■ **Your task**
Return only the lines from the start of the records through the line that contains "0) x (0, 1, 0)", inclusive; leave out all pictures.

■ **Record excerpts**
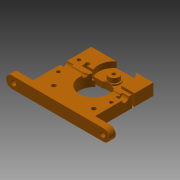
# Autodesk Inventor part: Part16
Saved by Autodesk Inventor 2015 (Build 190159000, 159)
## iProperties
Created: 2015-07-08
Part Number: Part16
Material: ABS Plastic
Document SubType Name: Modeling
Designer: eefred
Density: 1.06 g/cm^3
Appearance: Orange
Author: eefred
Autodesk Inventor part; units mm, degrees
ref_plane "YZ Plane" through (0, 0, 0) normal (1, 0, 0) x (0, 1, 0)
ref_plane "XZ Plane" through (0, 0, 0) normal (0, 1, 0) x (-1, 0, 0)
ref_plane "XY Plane" through (0, 0, 0) normal (0, 0, 1) x (1, 0, 0)
sketch "Sketch1" plane through (0, 0, 0) normal (0, 0, 1) x (1, 0, 0)
  line L0 (-24, 50) -> (24, 50)
  line L1 (24, 50) -> (24, 5)
  line L2 (-24, 5) -> (-24, 50)
  line L3 (-40, 0) -> (40, 0)
  line L4 (40, 0) -> (40, 5)
  line L5 (-40, 5) -> (-40, 0)
  line L6 (40, 5) -> (24, 5)
  line L7 (-40, 5) -> (-24, 5)
  circle A0 centre (3, 25) radius 11.3
  circle A1 centre (-20, 36.5) radius 1.35
  circle A2 centre (-20, 20.5) radius 1.35
  circle A3 centre (21, 20.5) radius 1.35
  circle A4 centre (-12.5, 9.5) radius 1.6
  circle A5 centre (18.5, 9.5) radius 1.6
  circle A6 centre (-14, 37) radius 1.5
  point P0 (0, 0)
  point P1 (0, 0)
  dimension "d0" = 50
  dimension "d1" = 48
  dimension "d2" = 80
  dimension "d3" = 16
  dimension "d4" = 5
  dimension "d5" = 22.6
  dimension "d6" = 25
  dimension "d7" = 21
  dimension "d8" = 2.7
  dimension "d9" = 16
  dimension "d10" = 4
  dimension "d11" = 4.5
  dimension "d12" = 3
  dimension "d13" = 3.2
  dimension "d14" = 31
  dimension "d15" = 11.5
  dimension "d16" = 9.5
  dimension "d17" = 3
  dimension "d18" = 10
  dimension "d19" = 12
  constraints: 16 end point, 7 centre point, 3 equal length, 3 equal radius, 3 horizontal, 3 horizontal alignment, 2 coincident, 2 perpendicular, 1 midpoint, 1 vertical alignment
  measures "d0" distance between parallel lines of L3 L0
  measures "d1" distance of L0.start L0.end
  measures "d2" distance of L3.start L3.end
  measures "d3" distance of L5.start L2.start
  measures "d4" distance of L5.start L3.start
  measures "d5" diameter of A0
  measures "d6" distance from line of L3 A0.centre
  measures "d7" distance from line of L1 A0.centre
  measures "d8" diameter of A1
  measures "d9" distance of A2.centre A1.centre
  measures "d10" distance from line of L2 A1.centre
  measures "d11" vertical distance of A0.centre A2.centre
  measures "d12" distance from line of L1 A3.centre
  measures "d13" diameter of A4
  measures "d14" distance of A5.centre A4.centre
  measures "d15" distance from line of L2 A4.centre
  measures "d16" distance from line of L3 A4.centre
  measures "d17" diameter of A6
  measures "d18" distance from line of L2 A6.centre
  measures "d19" vertical distance of A0.centre A6.centre
extrude "Extrusion1" add sketch "Sketch1" along normal blind 9
sketch "Sketch2" plane through (0, 0, 9) normal (0, 0, 1) x (1, 0, 0)
  line L0 (24, 5) -> (24, 50) projected
  line L1 (-15, 33.5) -> (24, 33.5)
  line L2 (24, 33.5) -> (24, 35.5)
  line L3 (24, 35.5) -> (-13, 35.5)
  line L4 (-13, 35.5) -> (-13, 38.5)
  line L5 (-13, 38.5) -> (-15, 38.5)
  line L6 (-15, 38.5) -> (-15, 33.5)
  line L7 (24, 50) -> (-24, 50) projected
  point P0 (0, 0)
  dimension "d22" = 14.5
  dimension "d23" = 2
  dimension "d24" = 2
  dimension "d25" = 39
  dimension "d26" = 5
  constraints: 12 end point, 2 horizontal, 2 parallel, 1 perpendicular, 1 point on line, 1 vertical
  measures "d22" distance between parallel lines of L7 L3
  measures "d23" distance between parallel lines of L1 L3
  measures "d24" distance of L4.end L5.end
  measures "d25" distance of L1.start L1.end
  measures "d26" distance of L5.end L1.start
extrude "Extrusion2" cut sketch "Sketch2" against normal through all
sketch "Sketch3" plane through (0, 0, 9) normal (0, 0, 1) x (1, 0, 0)
  circle A0 centre (3, 40.5) radius 12
  line L0 (-40, 0) -> (40, 0) projected
  line L1 (-24, 50) -> (-24, 5) projected
  point P0 (0, 0)
  dimension "d29" = 24
  dimension "d30" = 40.5
  dimension "d31" = 27
  constraints: 1 centre point
  measures "d29" diameter of A0
  measures "d30" distance from line of L0 A0.centre
  measures "d31" distance from line of L1 A0.centre
extrude "Extrusion3" cut sketch "Sketch3" against normal blind 4.5
sketch "Sketch4" plane through (0, 0, 4.5) normal (0, 0, 1) x (1, 0, 0)
  arc A0 (-4.3314, 50) -> (-7.9087, 35.5) centre (3, 40.5) ccw construction
  circle A1 centre (3, 40.5) radius 5
  point P0 (0, 0)
  dimension "d34" = 10
  constraints: 1 centre point, 1 coincident
  measures "d34" diameter of A1
extrude "Extrusion4" add sketch "Sketch4" along normal blind 1
sketch "Sketch5" plane through (3, 40.5, 5.5) normal (0, 0, 1) x (1, 0, 0)
  circle A0 centre (0, 0) radius 4
  circle A1 centre (0, 0) radius 5 construction
  point P0 (-3, -40.5)
  dimension "d37" = 8
  constraints: 1 centre point, 1 coincident
  measures "d37" diameter of A0
extrude "Extrusion5" add sketch "Sketch5" along normal blind 3.5
sketch "Sketch6" plane through (3, 40.5, 9) normal (0, 0, 1) x (1, 0, 0)
  circle A0 centre (0, 0) radius 4 construction
  arc A1 (-8.6894, -8.2761) -> (8.6894, -8.2761) centre (0, -15.5) ccw construction
  circle A2 centre (0, 0) radius 1.35
  circle A3 centre (0, -15.5) radius 11.3
  point P0 (-3, -40.5)
  dimension "d40" = 2.7
  constraints: 2 centre point, 2 coincident, 1 concentric
  measures "d40" diameter of A2
extrude "Extrusion6" cut sketch "Sketch6" against normal through all
sketch "Sketch7" plane through (-24, 5, 0) normal (-1, 0, 0) x (0, 0, 1)
  line L0 (9, 45) -> (9, 0) projected
  circle A0 centre (9, 23.5) radius 1
  line L1 (0, 45) -> (9, 45) projected
  point P0 (0, -5)
  dimension "d43" = 2
  dimension "d44" = 21.5
  constraints: 1 centre point, 1 point on line
  measures "d43" diameter of A0
  measures "d44" distance from line of L1 A0.centre
extrude "Extrusion7" cut sketch "Sketch7" against normal through all
sketch "Sketch8" plane through (-24, 5, 0) normal (-1, 0, 0) x (0, 0, 1)
  arc A0 (9, 24.5) -> (9, 22.5) centre (9, 23.5) ccw construction
  circle A1 centre (9, 23.5) radius 2.7
  point P0 (0, -5)
  dimension "d47" = 5.4
  constraints: 1 centre point, 1 coincident
  measures "d47" diameter of A1
extrude "Extrusion8" cut sketch "Sketch8" against normal blind 5
sketch "Sketch9" plane through (24, 5, 9) normal (1, 0, 0) x (0, 0, -1)
  arc A0 (0, 22.5) -> (0, 24.5) centre (0, 23.5) ccw construction
  circle A1 centre (0, 23.5) radius 2.7
  point P0 (9, -5)
  dimension "d50" = 5.4
  constraints: 1 centre point, 1 coincident
  measures "d50" diameter of A1
extrude "Extrusion9" cut sketch "Sketch9" against normal blind 5
sketch "Sketch10" plane through (0, 0, 9) normal (0, 0, 1) x (1, 0, 0)
  line L0 (-10, 29.5) -> (-6, 31.0999)
  line L1 (-6, 31.0999) -> (-6, 28.5)
  line L2 (-10, 29.5) -> (-10, 28.5)
  line L3 (-10, 28.5) -> (-6, 28.5)
  line L4 (-19, 31.2) -> (-19, 29.5) projected
  point P0 (0, 0)
  dimension "d54" = 1
  dimension "d55" = 21.8
  dimension "d56" = 9
  dimension "d57" = 4
  constraints: 8 end point, 2 vertical, 1 horizontal alignment, 1 perpendicular
  measures "d54" distance of L0.start L2.end
  measures "d55" angle of L3 L0
  measures "d56" distance between parallel lines of L4 L2
  measures "d57" distance of L2.end L1.end
revolve "Revolution1" cut sketch "Sketch10" angle 360 about axis through (-10, 28.5, 9) along (1, 0, 0)
sketch "Sketch11" plane through (-24, 50, 0) normal (0, 1, 0) x (1, 0, 0)
  circle A0 centre (43, -4.5) radius 1.6
  line L0 (48, 0) -> (48, -9) projected
  point P0 (24, 0)
  point P1 (48, -4.5)
  dimension "d59" = 3.2
  dimension "d61" = 5
  constraints: 1 centre point, 1 horizontal alignment, 1 midpoint
  measures "d59" diameter of A0
  measures "d61" distance from line of L0 A0.centre
extrude "Extrusion10" cut sketch "Sketch11" against normal up to next
sketch "Sketch12" plane through (10.4458, 33.5, 0) normal (0, 1, 0) x (1, 0, 0)
  circle A0 centre (8.5542, -4.5) radius 1.6 construction
  line L0 (-0.1144, -4.5) -> (-0.1144, -9) construction
  line L1 (13.5542, -9) -> (-0.1144, -9) construction
  line L2 (13.5542, 0) -> (13.5542, -9) construction
  line L3 (-34.4458, 0) -> (13.5542, 0) construction
  line L4 (-34.4458, 0) -> (-34.4458, -9) construction
  line L5 (-14.7772, -9) -> (-34.4458, -9) construction
  line L6 (-14.7772, -9) -> (-14.7772, -4.5) construction
  line L7 (-14.7772, -4.5) -> (-0.1144, -4.5) construction
  circle A1 centre (8.5542, -4.5) radius 1.35
  point P0 (-10.4458, 0)
  dimension "d64" = 2.7
  constraints: 1 centre point, 1 coincident
  measures "d64" diameter of A1
extrude "Extrusion11" cut sketch "Sketch12" against normal blind 13.5
fillet "Fillet1" radius 4.5 4 edges at (40, 2.5, 9) (40, 2.5, 0) (-40, 2.5, 9) (-40, 2.5, 0)
sketch "Sketch13" plane through (-35.5, 0, 0) normal (0, -1, 0) x (1, 0, 0)
  circle A0 centre (70, 4.5) radius 2.1
  circle A1 centre (1, 4.5) radius 2.1
  line L0 (71, 0) -> (0, 0) projected
  point P0 (35.5, 0)
  dimension "d68" = 4.2
  dimension "d69" = 4.5
  dimension "d70" = 69
  dimension "d71" = 34.5
  constraints: 2 centre point, 1 equal radius, 1 horizontal alignment
  measures "d68" diameter of A0
  measures "d69" distance from line of L0 A0.centre
  measures "d70" distance of A1.centre A0.centre
  measures "d71" horizontal distance of point (35.5, 0) A0.centre
extrude "Extrusion12" cut sketch "Sketch13" against normal up to next
equation "\"d71\" = 0.5 * d70"
body "Solid1"

■ **Your solution**
# Autodesk Inventor part: Part16
Saved by Autodesk Inventor 2015 (Build 190159000, 159)
## iProperties
Created: 2015-07-08
Part Number: Part16
Material: ABS Plastic
Document SubType Name: Modeling
Designer: eefred
Density: 1.06 g/cm^3
Appearance: Orange
Author: eefred
Autodesk Inventor part; units mm, degrees
ref_plane "YZ Plane" through (0, 0, 0) normal (1, 0, 0) x (0, 1, 0)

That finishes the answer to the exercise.